─── DATA UNDER STUDY ───
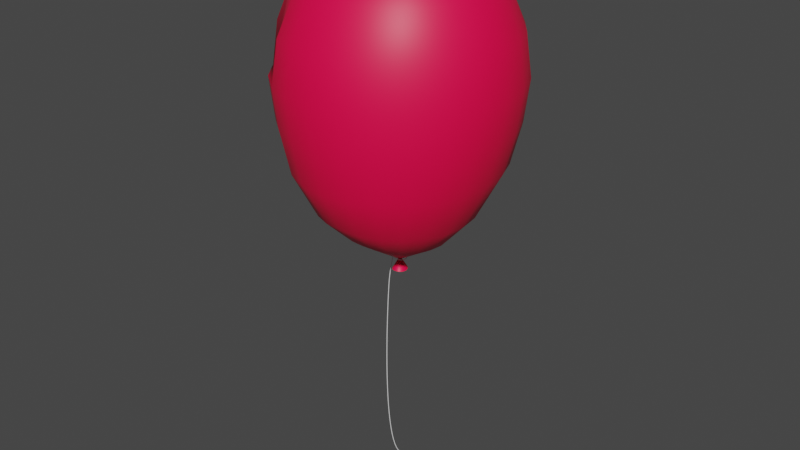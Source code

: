 # Source: Globos.blend  (saved by Blender 2.93.21; exported with 4.5.12 LTS)
import bpy
from mathutils import Matrix  # noqa: F401  (used for matrix-valued properties, if any)

bpy.ops.wm.read_factory_settings(use_empty=True)
scene = bpy.context.scene
scene.name = 'Scene'

# ---- collections
col_collection = bpy.data.collections.new('Collection'); scene.collection.children.link(col_collection)

# ---- materials (node trees are filled in below, after node groups)
mat_material_001 = bpy.data.materials.new('Material.001')
mat_material_001.use_transparent_shadow = False

# ---- node groups
ng_auto_smooth = bpy.data.node_groups.new('Auto Smooth', 'GeometryNodeTree')
_s = ng_auto_smooth.interface.new_socket(name='Geometry', in_out='OUTPUT', socket_type='NodeSocketGeometry')
_s = ng_auto_smooth.interface.new_socket(name='Geometry', in_out='INPUT', socket_type='NodeSocketGeometry')
_s = ng_auto_smooth.interface.new_socket(name='Angle', in_out='INPUT', socket_type='NodeSocketFloat')
_s.subtype = 'ANGLE'
_s.min_value = 0.0
_s.max_value = 3.142
ng_auto_smooth.is_modifier = True
_N = ng_auto_smooth.nodes; _L = ng_auto_smooth.links
n0 = _N.new('NodeGroupOutput'); n0.name = 'Group Output'; n0.location = (480, -100)
n1 = _N.new('NodeGroupInput'); n1.name = 'Group Input'; n1.location = (-420, -300)
n2 = _N.new('NodeGroupInput'); n2.name = 'Group Input.001'; n2.location = (-60, -100)
n3 = _N.new('GeometryNodeSetShadeSmooth'); n3.name = 'Set Shade Smooth'; n3.location = (120, -100)
n3.domain = 'EDGE'
n4 = _N.new('GeometryNodeSetShadeSmooth'); n4.name = 'Set Shade Smooth.001'; n4.location = (300, -100)
n5 = _N.new('GeometryNodeInputMeshEdgeAngle'); n5.name = 'Edge Angle'; n5.location = (-420, -220)
n6 = _N.new('GeometryNodeInputEdgeSmooth'); n6.name = 'Is Edge Smooth'; n6.location = (-60, -160)
n7 = _N.new('GeometryNodeInputShadeSmooth'); n7.name = 'Is Face Smooth'; n7.location = (-240, -340)
n8 = _N.new('FunctionNodeBooleanMath'); n8.name = 'Boolean Math'; n8.location = (-60, -220)
n9 = _N.new('FunctionNodeCompare'); n9.name = 'Compare'; n9.location = (-240, -180)
n9.operation = 'LESS_EQUAL'
_L.new(n5.outputs[0], n9.inputs[0])
_L.new(n4.outputs[0], n0.inputs[0])
_L.new(n1.outputs[1], n9.inputs[1])
_L.new(n9.outputs[0], n8.inputs[0])
_L.new(n7.outputs[0], n8.inputs[1])
_L.new(n2.outputs[0], n3.inputs[0])
_L.new(n6.outputs[0], n3.inputs[1])
_L.new(n3.outputs[0], n4.inputs[0])
_L.new(n8.outputs[0], n3.inputs[2])
n0.is_active_output = True

# ---- material node trees
mat_material_001.use_nodes = True; mat_material_001.node_tree.nodes.clear()
_N = mat_material_001.node_tree.nodes; _L = mat_material_001.node_tree.links
n0 = _N.new('ShaderNodeBsdfPrincipled'); n0.name = 'Principled BSDF'; n0.location = (10, 300)
n0.distribution = 'GGX'
n0.subsurface_method = 'BURLEY'
n0.inputs[0].default_value = (1.0, 0.0, 0.06525, 1.0)
n0.inputs[3].default_value = 1.45
n0.inputs[27].default_value = (0.0, 0.0, 0.0, 1.0)
n0.inputs[28].default_value = 1.0
n1 = _N.new('ShaderNodeOutputMaterial'); n1.name = 'Material Output'; n1.location = (300, 300)
_L.new(n0.outputs[0], n1.inputs[0])
n1.is_active_output = True

# ---- world
world_world = bpy.data.worlds.new('World'); scene.world = world_world
world_world.use_nodes = True; world_world.node_tree.nodes.clear()
_N = world_world.node_tree.nodes; _L = world_world.node_tree.links
n0 = _N.new('ShaderNodeOutputWorld'); n0.name = 'World Output'; n0.location = (300, 300)
n1 = _N.new('ShaderNodeBackground'); n1.name = 'Background'; n1.location = (10, 300)
n1.inputs[0].default_value = (0.05088, 0.05088, 0.05088, 1.0)
_L.new(n1.outputs[0], n0.inputs[0])
n0.is_active_output = True
world_world.color = (0.05088, 0.05088, 0.05088)
world_world.use_sun_shadow = False
world_world.sun_shadow_jitter_overblur = 0.0

# ---- meshes
me_cylinder = bpy.data.meshes.new('Cylinder')
me_cylinder.from_pydata([(-1.569e-09, 1.178, 0.5381), (3.356e-09, 0.7549, 0.7428), (0.2045, 0.7292, 0.7464), (0.3116, 1.138, 0.5382), (0.395, 0.6538, 0.7496), (0.602, 1.02, 0.5387), (0.5586, 0.5338, 0.7492), (0.8514, 0.8329, 0.539), (0.6841, 0.3775, 0.7456), (1.043, 0.589, 0.5374), (0.7631, 0.1954, 0.746), (1.163, 0.3049, 0.5351), (0.79, -3.764e-08, 0.7461), (1.204, -5.015e-08, 0.5341), (0.7631, -0.1954, 0.746), (1.163, -0.3049, 0.5351), (0.6841, -0.3775, 0.7456), (1.043, -0.589, 0.5374), (0.5586, -0.5338, 0.7492), (0.8514, -0.8329, 0.539), (0.395, -0.6538, 0.7496), (0.602, -1.02, 0.5387), (0.2045, -0.7292, 0.7464), (0.3116, -1.138, 0.5382), (-6.571e-08, -0.7549, 0.7428), (-1.068e-07, -1.178, 0.5381), (-0.2045, -0.7292, 0.7464), (-0.3116, -1.138, 0.5382), (-0.395, -0.6538, 0.7496), (-0.602, -1.02, 0.5387), (-0.5586, -0.5338, 0.7492), (-0.8514, -0.8329, 0.539), (-0.6841, -0.3775, 0.7456), (-1.043, -0.589, 0.5374), (-0.7631, -0.1954, 0.746), (-1.163, -0.3049, 0.5351), (-0.79, 4.358e-09, 0.7461), (-1.204, 1.538e-08, 0.5341), (-0.7631, 0.1954, 0.746), (-1.163, 0.3049, 0.5351), (-0.6841, 0.3775, 0.7456), (-1.043, 0.589, 0.5374), (-0.5586, 0.5338, 0.7492), (-0.8514, 0.8329, 0.539), (-0.395, 0.6538, 0.7496), (-0.602, 1.02, 0.5387), (-0.2045, 0.7292, 0.7464), (-0.3116, 1.138, 0.5382), (0.3679, 1.376, 0.2691), (0.7108, 1.234, 0.2694), (1.005, 1.007, 0.2698), (1.231, 0.7123, 0.2699), (1.373, 0.3687, 0.27), (1.422, -4.734e-08, 0.2701), (1.373, -0.3687, 0.27), (1.231, -0.7123, 0.2699), (1.005, -1.007, 0.2698), (0.7108, -1.234, 0.2694), (0.3679, -1.376, 0.2691), (-1.271e-07, -1.425, 0.2691), (-0.3679, -1.376, 0.2691), (-0.7108, -1.234, 0.2694), (-1.231, -0.7123, 0.2699), (-1.373, -0.3687, 0.27), (-1.422, 3.192e-08, 0.2701), (-1.373, 0.3687, 0.27), (-1.231, 0.7123, 0.2699), (-1.005, 1.007, 0.2698), (-0.7108, 1.234, 0.2694), (-0.3679, 1.376, 0.2691), (-2.861e-09, 1.425, 0.2691), (-0.1149, 0.4638, 0.8129), (1.232e-08, 0.4807, 0.8103), (-0.2212, 0.4143, 0.8154), (-0.3111, 0.3365, 0.8169), (-0.3789, 0.2366, 0.8168), (-0.4208, 0.1219, 0.8169), (-0.435, 1.009e-08, 0.8175), (-0.4208, -0.1219, 0.8169), (-0.3789, -0.2366, 0.8168), (-0.3111, -0.3365, 0.8169), (-0.2212, -0.4143, 0.8154), (-0.1149, -0.4638, 0.8129), (-2.655e-08, -0.4807, 0.8103), (0.1149, -0.4638, 0.8129), (0.2212, -0.4143, 0.8154), (0.3111, -0.3365, 0.8169), (0.3789, -0.2366, 0.8168), (0.4208, -0.1219, 0.8169), (0.435, -1.608e-08, 0.8175), (0.4208, 0.1219, 0.8169), (0.3789, 0.2366, 0.8168), (0.3111, 0.3365, 0.8169), (0.2212, 0.4143, 0.8154), (0.1149, 0.4638, 0.8129), (-2.146e-09, 1.515, 0.0), (0.3851, 1.464, 0.0), (0.7441, 1.312, 0.0), (1.052, 1.072, 0.0), (1.289, 0.7577, 0.0), (1.437, 0.3922, 0.0), (1.488, -5.297e-08, 0.0), (1.437, -0.3922, 0.0), (1.289, -0.7577, 0.0), (1.052, -1.072, 0.0), (0.7441, -1.312, 0.0), (0.3851, -1.464, 0.0), (-1.322e-07, -1.515, 0.0), (-0.3851, -1.464, 0.0), (-0.7441, -1.312, 0.0), (-1.052, -1.072, 0.0), (-1.289, -0.7577, 0.0), (-1.437, -0.3922, 0.0), (-1.488, 3.135e-08, 0.0), (-1.437, 0.3922, 0.0), (-1.289, 0.7577, 0.0), (-1.052, 1.072, 0.0), (-0.7441, 1.312, 0.0), (-0.3851, 1.464, 0.0), (-5.055e-10, 1.359, -0.5381), (-1.1e-10, 1.077, -0.8073), (0.2466, 1.04, -0.8145), (0.3311, 1.313, -0.5383), (0.4764, 0.9325, -0.8251), (0.6396, 1.177, -0.5388), (0.6737, 0.7613, -0.8337), (0.9045, 0.961, -0.5391), (0.8251, 0.5384, -0.8382), (1.108, 0.6795, -0.5374), (0.9203, 0.2787, -0.8461), (1.236, 0.3517, -0.535), (0.9527, -4.552e-08, -0.8491), (1.279, -5.458e-08, -0.534), (0.9203, -0.2787, -0.8461), (1.236, -0.3517, -0.535), (0.8251, -0.5384, -0.8382), (1.108, -0.6795, -0.5374), (0.6737, -0.7613, -0.8337), (0.9045, -0.961, -0.5391), (0.4764, -0.9325, -0.8251), (0.6396, -1.177, -0.5388), (0.2466, -1.04, -0.8145), (0.3311, -1.313, -0.5383), (-8.34e-08, -1.077, -0.8073), (-1.123e-07, -1.359, -0.5381), (-0.2466, -1.04, -0.8145), (-0.3311, -1.313, -0.5383), (-0.4764, -0.9325, -0.8251), (-0.6396, -1.177, -0.5388), (-0.6737, -0.7613, -0.8337), (-0.9045, -0.961, -0.5391), (-0.8251, -0.5384, -0.8382), (-1.108, -0.6795, -0.5374), (-0.9203, -0.2787, -0.8461), (-1.236, -0.3517, -0.535), (-0.9527, 1.438e-08, -0.8491), (-1.279, 2.103e-08, -0.534), (-0.9203, 0.2787, -0.8461), (-1.236, 0.3517, -0.535), (-0.8251, 0.5384, -0.8382), (-1.108, 0.6795, -0.5374), (-0.6737, 0.7613, -0.8337), (-0.9045, 0.961, -0.5391), (-0.4764, 0.9325, -0.8251), (-0.6396, 1.177, -0.5388), (-0.2466, 1.04, -0.8145), (-0.3311, 1.313, -0.5383), (2.67e-08, 1.49e-08, -1.202), (0.3673, 1.412, -0.2691), (0.7096, 1.266, -0.2694), (1.003, 1.034, -0.2698), (1.229, 0.7309, -0.2699), (1.371, 0.3783, -0.27), (1.419, -4.879e-08, -0.2701), (1.371, -0.3783, -0.27), (1.229, -0.7309, -0.2699), (1.003, -1.034, -0.2698), (0.7096, -1.266, -0.2694), (0.3673, -1.412, -0.2691), (-1.27e-07, -1.462, -0.2691), (-0.3673, -1.412, -0.2691), (-0.7096, -1.266, -0.2694), (-1.003, -1.034, -0.2698), (-1.229, -0.7309, -0.2699), (-1.371, -0.3783, -0.27), (-1.419, 3.254e-08, -0.2701), (-1.371, 0.3783, -0.27), (-1.229, 0.7309, -0.2699), (-1.003, 1.034, -0.2698), (-0.7096, 1.266, -0.2694), (-0.3673, 1.412, -0.2691), (-2.933e-09, 1.462, -0.2691), (-0.1686, 0.6804, -0.9936), (3.204e-09, 0.7053, -0.9876), (-0.3245, 0.6078, -1.002), (-0.4565, 0.4936, -1.011), (-0.556, 0.3471, -1.017), (-0.6174, 0.1789, -1.021), (-0.6382, 1.19e-08, -1.024), (-0.6174, -0.1789, -1.021), (-0.556, -0.3471, -1.017), (-0.4565, -0.4936, -1.011), (-0.3245, -0.6078, -1.002), (-0.1686, -0.6804, -0.9936), (-5.382e-08, -0.7053, -0.9876), (0.1686, -0.6804, -0.9936), (0.3245, -0.6078, -1.002), (0.4565, -0.4936, -1.011), (0.556, -0.3471, -1.017), (0.6174, -0.1789, -1.021), (0.6382, -2.65e-08, -1.024), (0.6174, 0.1789, -1.021), (0.556, 0.3471, -1.017), (0.4565, 0.4936, -1.011), (0.3245, 0.6078, -1.002), (0.1686, 0.6804, -0.9936), (4.166e-10, 0.08979, -1.196), (-0.02146, 0.08661, -1.196), (-0.04131, 0.07737, -1.197), (-0.05811, 0.06284, -1.198), (-0.07077, 0.04418, -1.199), (-0.0786, 0.02277, -1.2), (-0.08124, 6.62e-09, -1.2), (-0.0786, -0.02277, -1.2), (-0.07077, -0.04418, -1.199), (-0.05811, -0.06284, -1.198), (-0.04131, -0.07737, -1.197), (-0.02146, -0.08661, -1.196), (-6.842e-09, -0.08979, -1.196), (0.02146, -0.08661, -1.196), (0.04131, -0.07737, -1.197), (0.05811, -0.06284, -1.198), (0.07077, -0.04418, -1.199), (0.0786, -0.02277, -1.2), (0.08124, 1.732e-09, -1.2), (0.0786, 0.02277, -1.2), (0.07077, 0.04418, -1.199), (0.05811, 0.06284, -1.198), (0.04131, 0.07737, -1.197), (0.02146, 0.08661, -1.196), (1.337e-06, 0.1046, -1.287), (-0.04812, 0.09013, -1.289), (-0.08244, 0.05147, -1.291), (-0.09463, 2.055e-08, -1.292), (-0.08244, -0.05147, -1.291), (-0.04812, -0.09013, -1.289), (1.329e-06, -0.1046, -1.287), (0.04812, -0.09013, -1.289), (0.08245, -0.05147, -1.291), (0.09464, 1.486e-08, -1.292), (0.08245, 0.05147, -1.291), (0.04812, 0.09013, -1.289)], [], [(69, 47, 0, 70), (47, 46, 1, 0), (68, 45, 47, 69), (45, 44, 46, 47), (67, 43, 45, 68), (43, 42, 44, 45), (66, 41, 43, 67), (41, 40, 42, 43), (65, 39, 41, 66), (39, 38, 40, 41), (64, 37, 39, 65), (37, 36, 38, 39), (63, 35, 37, 64), (35, 34, 36, 37), (62, 33, 35, 63), (33, 32, 34, 35), (61, 29, 31, 33, 62, 111, 110, 109), (31, 30, 32, 33), (29, 28, 30, 31), (60, 27, 29, 61), (27, 26, 28, 29), (59, 25, 27, 60), (25, 24, 26, 27), (58, 23, 25, 59), (23, 22, 24, 25), (57, 21, 23, 58), (21, 20, 22, 23), (56, 19, 21, 57), (19, 18, 20, 21), (55, 17, 19, 56), (17, 16, 18, 19), (54, 15, 17, 55), (15, 14, 16, 17), (53, 13, 15, 54), (13, 12, 14, 15), (52, 11, 13, 53), (11, 10, 12, 13), (51, 9, 11, 52), (9, 8, 10, 11), (50, 7, 9, 51), (7, 6, 8, 9), (49, 5, 7, 50), (5, 4, 6, 7), (48, 3, 5, 49), (3, 2, 4, 5), (70, 0, 3, 48), (0, 1, 2, 3), (46, 71, 72, 1), (44, 73, 71, 46), (42, 74, 73, 44), (40, 75, 74, 42), (38, 76, 75, 40), (36, 77, 76, 38), (34, 78, 77, 36), (32, 79, 78, 34), (30, 80, 79, 32), (28, 81, 80, 30), (26, 82, 81, 28), (24, 83, 82, 26), (22, 84, 83, 24), (20, 85, 84, 22), (18, 86, 85, 20), (16, 87, 86, 18), (14, 88, 87, 16), (12, 89, 88, 14), (10, 90, 89, 12), (8, 91, 90, 10), (6, 92, 91, 8), (4, 93, 92, 6), (2, 94, 93, 4), (1, 72, 94, 2), (95, 70, 48, 96), (96, 48, 49, 97), (97, 49, 50, 98), (98, 50, 51, 99), (99, 51, 52, 100), (100, 52, 53, 101), (101, 53, 54, 102), (102, 54, 55, 103), (103, 55, 56, 104), (104, 56, 57, 105), (105, 57, 58, 106), (106, 58, 59, 107), (107, 59, 60, 108), (108, 60, 61, 109), (111, 62, 63, 112), (112, 63, 64, 113), (113, 64, 65, 114), (114, 65, 66, 115), (115, 66, 67, 116), (116, 67, 68, 117), (117, 68, 69, 118), (118, 69, 70, 95), (94, 72, 71, 73, 74, 75, 76, 77, 78, 79, 80, 81, 82, 83, 84, 85, 86, 87, 88, 89, 90, 91, 92, 93), (190, 191, 119, 166), (166, 119, 120, 165), (189, 190, 166, 164), (164, 166, 165, 163), (188, 189, 164, 162), (162, 164, 163, 161), (187, 188, 162, 160), (160, 162, 161, 159), (186, 187, 160, 158), (158, 160, 159, 157), (185, 186, 158, 156), (156, 158, 157, 155), (184, 185, 156, 154), (154, 156, 155, 153), (183, 184, 154, 152), (152, 154, 153, 151), (182, 183, 152, 150), (150, 152, 151, 149), (181, 182, 150, 148), (148, 150, 149, 147), (180, 181, 148, 146), (146, 148, 147, 145), (179, 180, 146, 144), (144, 146, 145, 143), (178, 179, 144, 142), (142, 144, 143, 141), (177, 178, 142, 140), (140, 142, 141, 139), (176, 177, 140, 138), (138, 140, 139, 137), (175, 176, 138, 136), (136, 138, 137, 135), (174, 175, 136, 134), (134, 136, 135, 133), (173, 174, 134, 132), (132, 134, 133, 131), (172, 173, 132, 130), (130, 132, 131, 129), (171, 172, 130, 128), (128, 130, 129, 127), (170, 171, 128, 126), (126, 128, 127, 125), (169, 170, 126, 124), (124, 126, 125, 123), (168, 169, 124, 122), (122, 124, 123, 121), (191, 168, 122, 119), (119, 122, 121, 120), (165, 120, 193, 192), (163, 165, 192, 194), (161, 163, 194, 195), (159, 161, 195, 196), (157, 159, 196, 197), (155, 157, 197, 198), (153, 155, 198, 199), (151, 153, 199, 200), (149, 151, 200, 201), (147, 149, 201, 202), (145, 147, 202, 203), (143, 145, 203, 204), (141, 143, 204, 205), (139, 141, 205, 206), (137, 139, 206, 207), (135, 137, 207, 208), (133, 135, 208, 209), (131, 133, 209, 210), (129, 131, 210, 211), (127, 129, 211, 212), (125, 127, 212, 213), (123, 125, 213, 214), (121, 123, 214, 215), (120, 121, 215, 193), (95, 96, 168, 191), (96, 97, 169, 168), (97, 98, 170, 169), (98, 99, 171, 170), (99, 100, 172, 171), (100, 101, 173, 172), (101, 102, 174, 173), (102, 103, 175, 174), (103, 104, 176, 175), (104, 105, 177, 176), (105, 106, 178, 177), (106, 107, 179, 178), (107, 108, 180, 179), (108, 109, 181, 180), (109, 110, 182, 181), (110, 111, 183, 182), (111, 112, 184, 183), (112, 113, 185, 184), (113, 114, 186, 185), (114, 115, 187, 186), (115, 116, 188, 187), (116, 117, 189, 188), (117, 118, 190, 189), (118, 95, 191, 190), (217, 192, 193, 216), (218, 194, 192, 217), (219, 195, 194, 218), (220, 196, 195, 219), (221, 197, 196, 220), (222, 198, 197, 221), (223, 199, 198, 222), (224, 200, 199, 223), (225, 201, 200, 224), (226, 202, 201, 225), (227, 203, 202, 226), (228, 204, 203, 227), (229, 205, 204, 228), (230, 206, 205, 229), (231, 207, 206, 230), (232, 208, 207, 231), (233, 209, 208, 232), (234, 210, 209, 233), (235, 211, 210, 234), (236, 212, 211, 235), (237, 213, 212, 236), (238, 214, 213, 237), (239, 215, 214, 238), (216, 193, 215, 239), (242, 243, 167), (217, 216, 167), (239, 238, 167), (224, 223, 167), (231, 230, 167), (238, 237, 167), (223, 222, 167), (230, 229, 167), (237, 236, 167), (222, 221, 167), (229, 228, 167), (236, 235, 167), (221, 220, 167), (228, 227, 167), (235, 234, 167), (220, 219, 167), (227, 226, 167), (234, 233, 167), (219, 218, 167), (226, 225, 167), (233, 232, 167), (218, 217, 167), (216, 239, 167), (232, 231, 167), (225, 224, 167), (240, 251, 250, 249, 248, 247, 246, 245, 244, 243, 242, 241), (167, 249, 250), (246, 247, 167), (250, 251, 167), (243, 244, 167), (247, 248, 167), (240, 241, 167), (167, 245, 246), (244, 245, 167), (248, 249, 167), (241, 242, 167), (167, 251, 240)])
me_cylinder.polygons.foreach_set('use_smooth', [True] * 251)
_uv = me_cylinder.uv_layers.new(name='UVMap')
───
WHAT YOU WILL DO: Using the records above, copy word for word the line with "n3 = _N.new('GeometryNodeSetShadeSmooth');", the line with "world_world.node_tree.nodes; _L = world_world.node_tree.links", and every line between them.

ANSWER TO THE PROBLEM:
n3 = _N.new('GeometryNodeSetShadeSmooth'); n3.name = 'Set Shade Smooth'; n3.location = (120, -100)
n3.domain = 'EDGE'
n4 = _N.new('GeometryNodeSetShadeSmooth'); n4.name = 'Set Shade Smooth.001'; n4.location = (300, -100)
n5 = _N.new('GeometryNodeInputMeshEdgeAngle'); n5.name = 'Edge Angle'; n5.location = (-420, -220)
n6 = _N.new('GeometryNodeInputEdgeSmooth'); n6.name = 'Is Edge Smooth'; n6.location = (-60, -160)
n7 = _N.new('GeometryNodeInputShadeSmooth'); n7.name = 'Is Face Smooth'; n7.location = (-240, -340)
n8 = _N.new('FunctionNodeBooleanMath'); n8.name = 'Boolean Math'; n8.location = (-60, -220)
n9 = _N.new('FunctionNodeCompare'); n9.name = 'Compare'; n9.location = (-240, -180)
n9.operation = 'LESS_EQUAL'
_L.new(n5.outputs[0], n9.inputs[0])
_L.new(n4.outputs[0], n0.inputs[0])
_L.new(n1.outputs[1], n9.inputs[1])
_L.new(n9.outputs[0], n8.inputs[0])
_L.new(n7.outputs[0], n8.inputs[1])
_L.new(n2.outputs[0], n3.inputs[0])
_L.new(n6.outputs[0], n3.inputs[1])
_L.new(n3.outputs[0], n4.inputs[0])
_L.new(n8.outputs[0], n3.inputs[2])
n0.is_active_output = True

# ---- material node trees
mat_material_001.use_nodes = True; mat_material_001.node_tree.nodes.clear()
_N = mat_material_001.node_tree.nodes; _L = mat_material_001.node_tree.links
n0 = _N.new('ShaderNodeBsdfPrincipled'); n0.name = 'Principled BSDF'; n0.location = (10, 300)
n0.distribution = 'GGX'
n0.subsurface_method = 'BURLEY'
n0.inputs[0].default_value = (1.0, 0.0, 0.06525, 1.0)
n0.inputs[3].default_value = 1.45
n0.inputs[27].default_value = (0.0, 0.0, 0.0, 1.0)
n0.inputs[28].default_value = 1.0
n1 = _N.new('ShaderNodeOutputMaterial'); n1.name = 'Material Output'; n1.location = (300, 300)
_L.new(n0.outputs[0], n1.inputs[0])
n1.is_active_output = True

# ---- world
world_world = bpy.data.worlds.new('World'); scene.world = world_world
world_world.use_nodes = True; world_world.node_tree.nodes.clear()
_N = world_world.node_tree.nodes; _L = world_world.node_tree.links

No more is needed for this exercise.